■ THE DATA ■
Start of Block
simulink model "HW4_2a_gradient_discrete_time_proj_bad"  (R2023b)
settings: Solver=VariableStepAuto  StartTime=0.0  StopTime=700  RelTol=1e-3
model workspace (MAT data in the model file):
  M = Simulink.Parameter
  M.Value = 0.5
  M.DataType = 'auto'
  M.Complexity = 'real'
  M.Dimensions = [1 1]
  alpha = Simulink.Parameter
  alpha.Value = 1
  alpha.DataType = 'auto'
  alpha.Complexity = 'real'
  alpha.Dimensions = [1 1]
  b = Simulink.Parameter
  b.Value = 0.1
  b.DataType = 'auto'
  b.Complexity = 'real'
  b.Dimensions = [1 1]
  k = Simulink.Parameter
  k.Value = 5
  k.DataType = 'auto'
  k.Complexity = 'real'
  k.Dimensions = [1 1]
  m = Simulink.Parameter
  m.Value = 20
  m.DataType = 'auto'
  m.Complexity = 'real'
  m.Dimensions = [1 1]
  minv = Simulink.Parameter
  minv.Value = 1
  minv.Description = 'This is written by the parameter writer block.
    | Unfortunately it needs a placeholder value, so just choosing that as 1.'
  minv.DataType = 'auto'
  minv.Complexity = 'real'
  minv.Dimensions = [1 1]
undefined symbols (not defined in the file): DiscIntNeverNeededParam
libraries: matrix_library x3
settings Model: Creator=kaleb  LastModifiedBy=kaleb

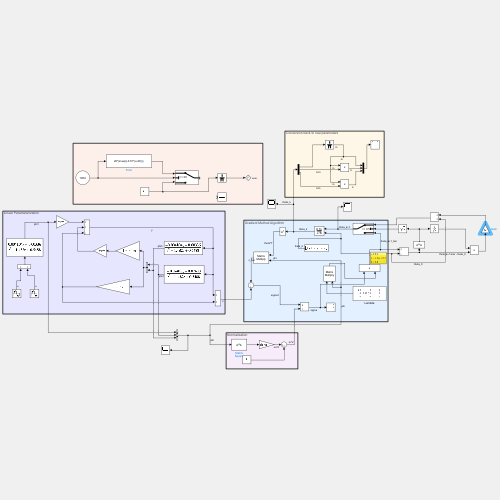
[thumbnail: Simulink's stored preview of the top-level diagram]
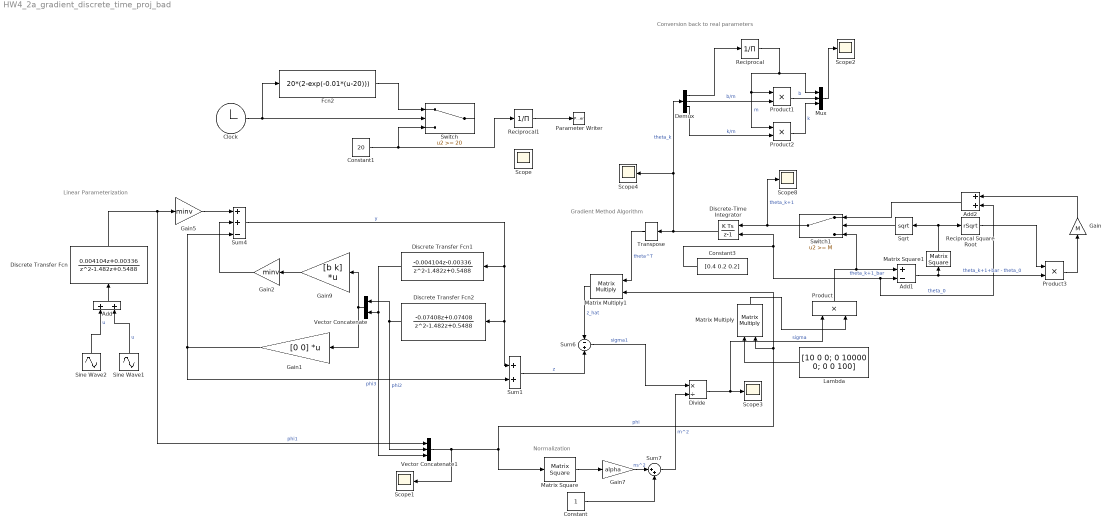
== system HW4_2a_gradient_discrete_time_proj_bad ==
  note: Gradient Method Algorithm
  note: Conversion back to real parameters
  note: Normalization
  note: Linear Parameterization
  Add : Sum
  Add1 : Sum  Inputs=+-
  Add2 : Sum
  Clock : Clock
  Constant : Constant
  Constant1 : Constant  Value=20
  Constant3 : Constant  Value=[0.4 0.2 0.2]
  Demux : Demux  Outputs=3
  Discrete Transfer Fcn : DiscreteTransferFcn  Numerator=[0.004104 0.00336]  Denominator=[1 -1.482 0.5488]
  Discrete Transfer Fcn1 : DiscreteTransferFcn  Numerator=[-0.004104 -0.00336]  Denominator=[1 -1.482 0.5488]
  Discrete Transfer Fcn2 : DiscreteTransferFcn  Numerator=[-0.07408 0.07408]  Denominator=[1 -1.482 0.5488]
  Discrete-Time Integrator : DiscreteIntegrator  InitialConditionSource=external  InitialCondition=[0.4 0.2 0.2]  SampleTime=-1  ICPrevOutput=DiscIntNeverNeededParam  ICPrevScaledInput=DiscIntNeverNeededParam
  Divide : Product  Inputs=*/
  Fcn2 : Fcn  Expr=20*(2-exp(-0.01*(u-20)))
  Gain : Gain  Gain=M
  Gain1 : Gain  Gain=[0 0]  Multiplication=Matrix(K*u)
  Gain2 : Gain  Gain=minv
  Gain5 : Gain  Gain=minv
  Gain7 : Gain  Gain=alpha
  Gain9 : Gain  Gain=[b k]  Multiplication=Matrix(K*u)
  Lambda : Constant  Value=[10 0 0; 0 10000 0; 0 0 100]
  Matrix Square : matrix_library/Matrix Square  OutMin=[]  OutMax=[]
      settings: LibrarySourceBlock=|
      | simulink/Matrix
      | Operations/Matrix
      | Square
  Matrix Square1 : matrix_library/Matrix Square  OutMin=[]  OutMax=[]
      settings: LibrarySourceBlock=|
      | simulink/Matrix
      | Operations/Matrix
      | Square
  Matrix Multiply : Product  Multiplication=Matrix(*)
  Matrix Multiply1 : Product  Multiplication=Matrix(*)
  Mux : Mux  Inputs=3
  Parameter Writer : ParameterWriter  AccessWorkspaceVariable=on  WorkspaceVariableName=minv
  Product{,1..3} (4 alike) : Product
  Reciprocal : Product  Inputs=/  OutMax=[10000]
  Reciprocal Square Root : Sqrt  Operator=rSqrt
  Reciprocal1 : Product  Inputs=/
  Scope{,1..4,8} (6 alike) : Scope
  Sine Wave1 : Sin  Amplitude=5  Frequency=0.5  SampleTime=0.1
  Sine Wave2 : Sin  Amplitude=2  Frequency=2  SampleTime=0.1
  Sqrt : Sqrt
  Sum1 : Sum
  Sum4 : Sum  Inputs=++-
  Sum6 : Sum  Inputs=-+
  Sum7 : Sum  Inputs=|++
  Switch : Switch  Threshold=20  ZeroCross=off  SaturateOnIntegerOverflow=off  InputSameDT=off
  Switch1 : Switch  Threshold=M  SaturateOnIntegerOverflow=off  InputSameDT=off
  Transpose : matrix_library/Transpose
  Vector Concatenate : Concatenate
  Vector Concatenate1 : Concatenate  NumInputs=3
  wires:
  Discrete Transfer Fcn/1 -> Vector Concatenate1/1, Gain5/1  "phi1"
  Sum4/1 -> Discrete Transfer Fcn1/1, Sum1/1, Discrete Transfer Fcn2/1  "y"
  Discrete Transfer Fcn2/1 -> Vector Concatenate1/2, Vector Concatenate/1  "phi2"
  Gain9/1 -> Gain2/1
  Vector Concatenate1/1 -> Scope1/1, Matrix Multiply1/2, Matrix Multiply/2, Matrix Square/1  "phi"
  Matrix Multiply1/1 -> Sum6/1  "z_hat"
  Matrix Square/1 -> Gain7/1
  Constant/1 -> Sum7/2
  Sum7/1 -> Divide/2  "m^2"
  Gain7/1 -> Sum7/1  "ns^2"
  Sum6/1 -> Divide/1  "sigma1"
  Discrete-Time Integrator/1 -> Transpose/1, Demux/1, Scope4/1  "theta_k"
  Transpose/1 -> Matrix Multiply1/1  "theta^T"
  Divide/1 -> Scope3/1, Product/1  "sigma"
  Demux/2 -> Product1/2  "b/m"
  Demux/3 -> Product2/2  "k/m"
  Reciprocal/1 -> Product1/1, Product2/1, Mux/1  "m"
  Product1/1 -> Mux/2  "b"
  Product2/1 -> Mux/3  "k"
  Mux/1 -> Scope2/1
  Matrix Multiply/1 -> Product/2
  Gain5/1 -> Sum4/1
  Demux/1 -> Reciprocal/1
  Vector Concatenate/1 -> Gain9/1, Gain1/1
  Gain1/1 -> Sum4/3, Sum1/2
  Sum1/1 -> Sum6/2  "z"
  Lambda/1 -> Matrix Multiply/1
  Fcn2/1 -> Switch/1
  Clock/1 -> Fcn2/1, Switch/2
  Constant1/1 -> Reciprocal1/1, Switch/3
  Gain2/1 -> Sum4/2
  Sine Wave1/1 -> Add/2  "u"
  Discrete Transfer Fcn1/1 -> Vector Concatenate/2, Vector Concatenate1/3  "phi3"
  Reciprocal1/1 -> Parameter Writer/1
  Sine Wave2/1 -> Add/1  "u"
  Add/1 -> Discrete Transfer Fcn/1
  Constant3/1 -> Discrete-Time Integrator/2, Add2/2, Add1/2  "theta_0"
  Product/1 -> Switch1/3, Add1/1  "theta_k+1_bar"
  Switch1/1 -> Scope8/1, Discrete-Time Integrator/1  "theta_k+1"
  Add1/1 -> Product3/2, Matrix Square1/1  "theta_k+1+bar - theta_0"
  Product3/1 -> Gain/1
  Reciprocal Square Root/1 -> Product3/1
  Gain/1 -> Add2/1
  Add2/1 -> Switch1/1
  Matrix Square1/1 -> Reciprocal Square Root/1, Sqrt/1
  Sqrt/1 -> Switch1/2
End of Block
■ WHAT TO DO ■
Reproduce all of the entries word for word, skipping any pictures they hold.

■ EXERCISE SOLUTION ■
simulink model "HW4_2a_gradient_discrete_time_proj_bad"  (R2023b)
settings: Solver=VariableStepAuto  StartTime=0.0  StopTime=700  RelTol=1e-3
model workspace (MAT data in the model file):
  M = Simulink.Parameter
  M.Value = 0.5
  M.DataType = 'auto'
  M.Complexity = 'real'
  M.Dimensions = [1 1]
  alpha = Simulink.Parameter
  alpha.Value = 1
  alpha.DataType = 'auto'
  alpha.Complexity = 'real'
  alpha.Dimensions = [1 1]
  b = Simulink.Parameter
  b.Value = 0.1
  b.DataType = 'auto'
  b.Complexity = 'real'
  b.Dimensions = [1 1]
  k = Simulink.Parameter
  k.Value = 5
  k.DataType = 'auto'
  k.Complexity = 'real'
  k.Dimensions = [1 1]
  m = Simulink.Parameter
  m.Value = 20
  m.DataType = 'auto'
  m.Complexity = 'real'
  m.Dimensions = [1 1]
  minv = Simulink.Parameter
  minv.Value = 1
  minv.Description = 'This is written by the parameter writer block.
    | Unfortunately it needs a placeholder value, so just choosing that as 1.'
  minv.DataType = 'auto'
  minv.Complexity = 'real'
  minv.Dimensions = [1 1]
undefined symbols (not defined in the file): DiscIntNeverNeededParam
libraries: matrix_library x3
settings Model: Creator=kaleb  LastModifiedBy=kaleb

[thumbnail: Simulink's stored preview of the top-level diagram]
== system HW4_2a_gradient_discrete_time_proj_bad ==
  note: Gradient Method Algorithm
  note: Conversion back to real parameters
  note: Normalization
  note: Linear Parameterization
  Add : Sum
  Add1 : Sum  Inputs=+-
  Add2 : Sum
  Clock : Clock
  Constant : Constant
  Constant1 : Constant  Value=20
  Constant3 : Constant  Value=[0.4 0.2 0.2]
  Demux : Demux  Outputs=3
  Discrete Transfer Fcn : DiscreteTransferFcn  Numerator=[0.004104 0.00336]  Denominator=[1 -1.482 0.5488]
  Discrete Transfer Fcn1 : DiscreteTransferFcn  Numerator=[-0.004104 -0.00336]  Denominator=[1 -1.482 0.5488]
  Discrete Transfer Fcn2 : DiscreteTransferFcn  Numerator=[-0.07408 0.07408]  Denominator=[1 -1.482 0.5488]
  Discrete-Time Integrator : DiscreteIntegrator  InitialConditionSource=external  InitialCondition=[0.4 0.2 0.2]  SampleTime=-1  ICPrevOutput=DiscIntNeverNeededParam  ICPrevScaledInput=DiscIntNeverNeededParam
  Divide : Product  Inputs=*/
  Fcn2 : Fcn  Expr=20*(2-exp(-0.01*(u-20)))
  Gain : Gain  Gain=M
  Gain1 : Gain  Gain=[0 0]  Multiplication=Matrix(K*u)
  Gain2 : Gain  Gain=minv
  Gain5 : Gain  Gain=minv
  Gain7 : Gain  Gain=alpha
  Gain9 : Gain  Gain=[b k]  Multiplication=Matrix(K*u)
  Lambda : Constant  Value=[10 0 0; 0 10000 0; 0 0 100]
  Matrix Square : matrix_library/Matrix Square  OutMin=[]  OutMax=[]
      settings: LibrarySourceBlock=|
      | simulink/Matrix
      | Operations/Matrix
      | Square
  Matrix Square1 : matrix_library/Matrix Square  OutMin=[]  OutMax=[]
      settings: LibrarySourceBlock=|
      | simulink/Matrix
      | Operations/Matrix
      | Square
  Matrix Multiply : Product  Multiplication=Matrix(*)
  Matrix Multiply1 : Product  Multiplication=Matrix(*)
  Mux : Mux  Inputs=3
  Parameter Writer : ParameterWriter  AccessWorkspaceVariable=on  WorkspaceVariableName=minv
  Product{,1..3} (4 alike) : Product
  Reciprocal : Product  Inputs=/  OutMax=[10000]
  Reciprocal Square Root : Sqrt  Operator=rSqrt
  Reciprocal1 : Product  Inputs=/
  Scope{,1..4,8} (6 alike) : Scope
  Sine Wave1 : Sin  Amplitude=5  Frequency=0.5  SampleTime=0.1
  Sine Wave2 : Sin  Amplitude=2  Frequency=2  SampleTime=0.1
  Sqrt : Sqrt
  Sum1 : Sum
  Sum4 : Sum  Inputs=++-
  Sum6 : Sum  Inputs=-+
  Sum7 : Sum  Inputs=|++
  Switch : Switch  Threshold=20  ZeroCross=off  SaturateOnIntegerOverflow=off  InputSameDT=off
  Switch1 : Switch  Threshold=M  SaturateOnIntegerOverflow=off  InputSameDT=off
  Transpose : matrix_library/Transpose
  Vector Concatenate : Concatenate
  Vector Concatenate1 : Concatenate  NumInputs=3
  wires:
  Discrete Transfer Fcn/1 -> Vector Concatenate1/1, Gain5/1  "phi1"
  Sum4/1 -> Discrete Transfer Fcn1/1, Sum1/1, Discrete Transfer Fcn2/1  "y"
  Discrete Transfer Fcn2/1 -> Vector Concatenate1/2, Vector Concatenate/1  "phi2"
  Gain9/1 -> Gain2/1
  Vector Concatenate1/1 -> Scope1/1, Matrix Multiply1/2, Matrix Multiply/2, Matrix Square/1  "phi"
  Matrix Multiply1/1 -> Sum6/1  "z_hat"
  Matrix Square/1 -> Gain7/1
  Constant/1 -> Sum7/2
  Sum7/1 -> Divide/2  "m^2"
  Gain7/1 -> Sum7/1  "ns^2"
  Sum6/1 -> Divide/1  "sigma1"
  Discrete-Time Integrator/1 -> Transpose/1, Demux/1, Scope4/1  "theta_k"
  Transpose/1 -> Matrix Multiply1/1  "theta^T"
  Divide/1 -> Scope3/1, Product/1  "sigma"
  Demux/2 -> Product1/2  "b/m"
  Demux/3 -> Product2/2  "k/m"
  Reciprocal/1 -> Product1/1, Product2/1, Mux/1  "m"
  Product1/1 -> Mux/2  "b"
  Product2/1 -> Mux/3  "k"
  Mux/1 -> Scope2/1
  Matrix Multiply/1 -> Product/2
  Gain5/1 -> Sum4/1
  Demux/1 -> Reciprocal/1
  Vector Concatenate/1 -> Gain9/1, Gain1/1
  Gain1/1 -> Sum4/3, Sum1/2
  Sum1/1 -> Sum6/2  "z"
  Lambda/1 -> Matrix Multiply/1
  Fcn2/1 -> Switch/1
  Clock/1 -> Fcn2/1, Switch/2
  Constant1/1 -> Reciprocal1/1, Switch/3
  Gain2/1 -> Sum4/2
  Sine Wave1/1 -> Add/2  "u"
  Discrete Transfer Fcn1/1 -> Vector Concatenate/2, Vector Concatenate1/3  "phi3"
  Reciprocal1/1 -> Parameter Writer/1
  Sine Wave2/1 -> Add/1  "u"
  Add/1 -> Discrete Transfer Fcn/1
  Constant3/1 -> Discrete-Time Integrator/2, Add2/2, Add1/2  "theta_0"
  Product/1 -> Switch1/3, Add1/1  "theta_k+1_bar"
  Switch1/1 -> Scope8/1, Discrete-Time Integrator/1  "theta_k+1"
  Add1/1 -> Product3/2, Matrix Square1/1  "theta_k+1+bar - theta_0"
  Product3/1 -> Gain/1
  Reciprocal Square Root/1 -> Product3/1
  Gain/1 -> Add2/1
  Add2/1 -> Switch1/1
  Matrix Square1/1 -> Reciprocal Square Root/1, Sqrt/1
  Sqrt/1 -> Switch1/2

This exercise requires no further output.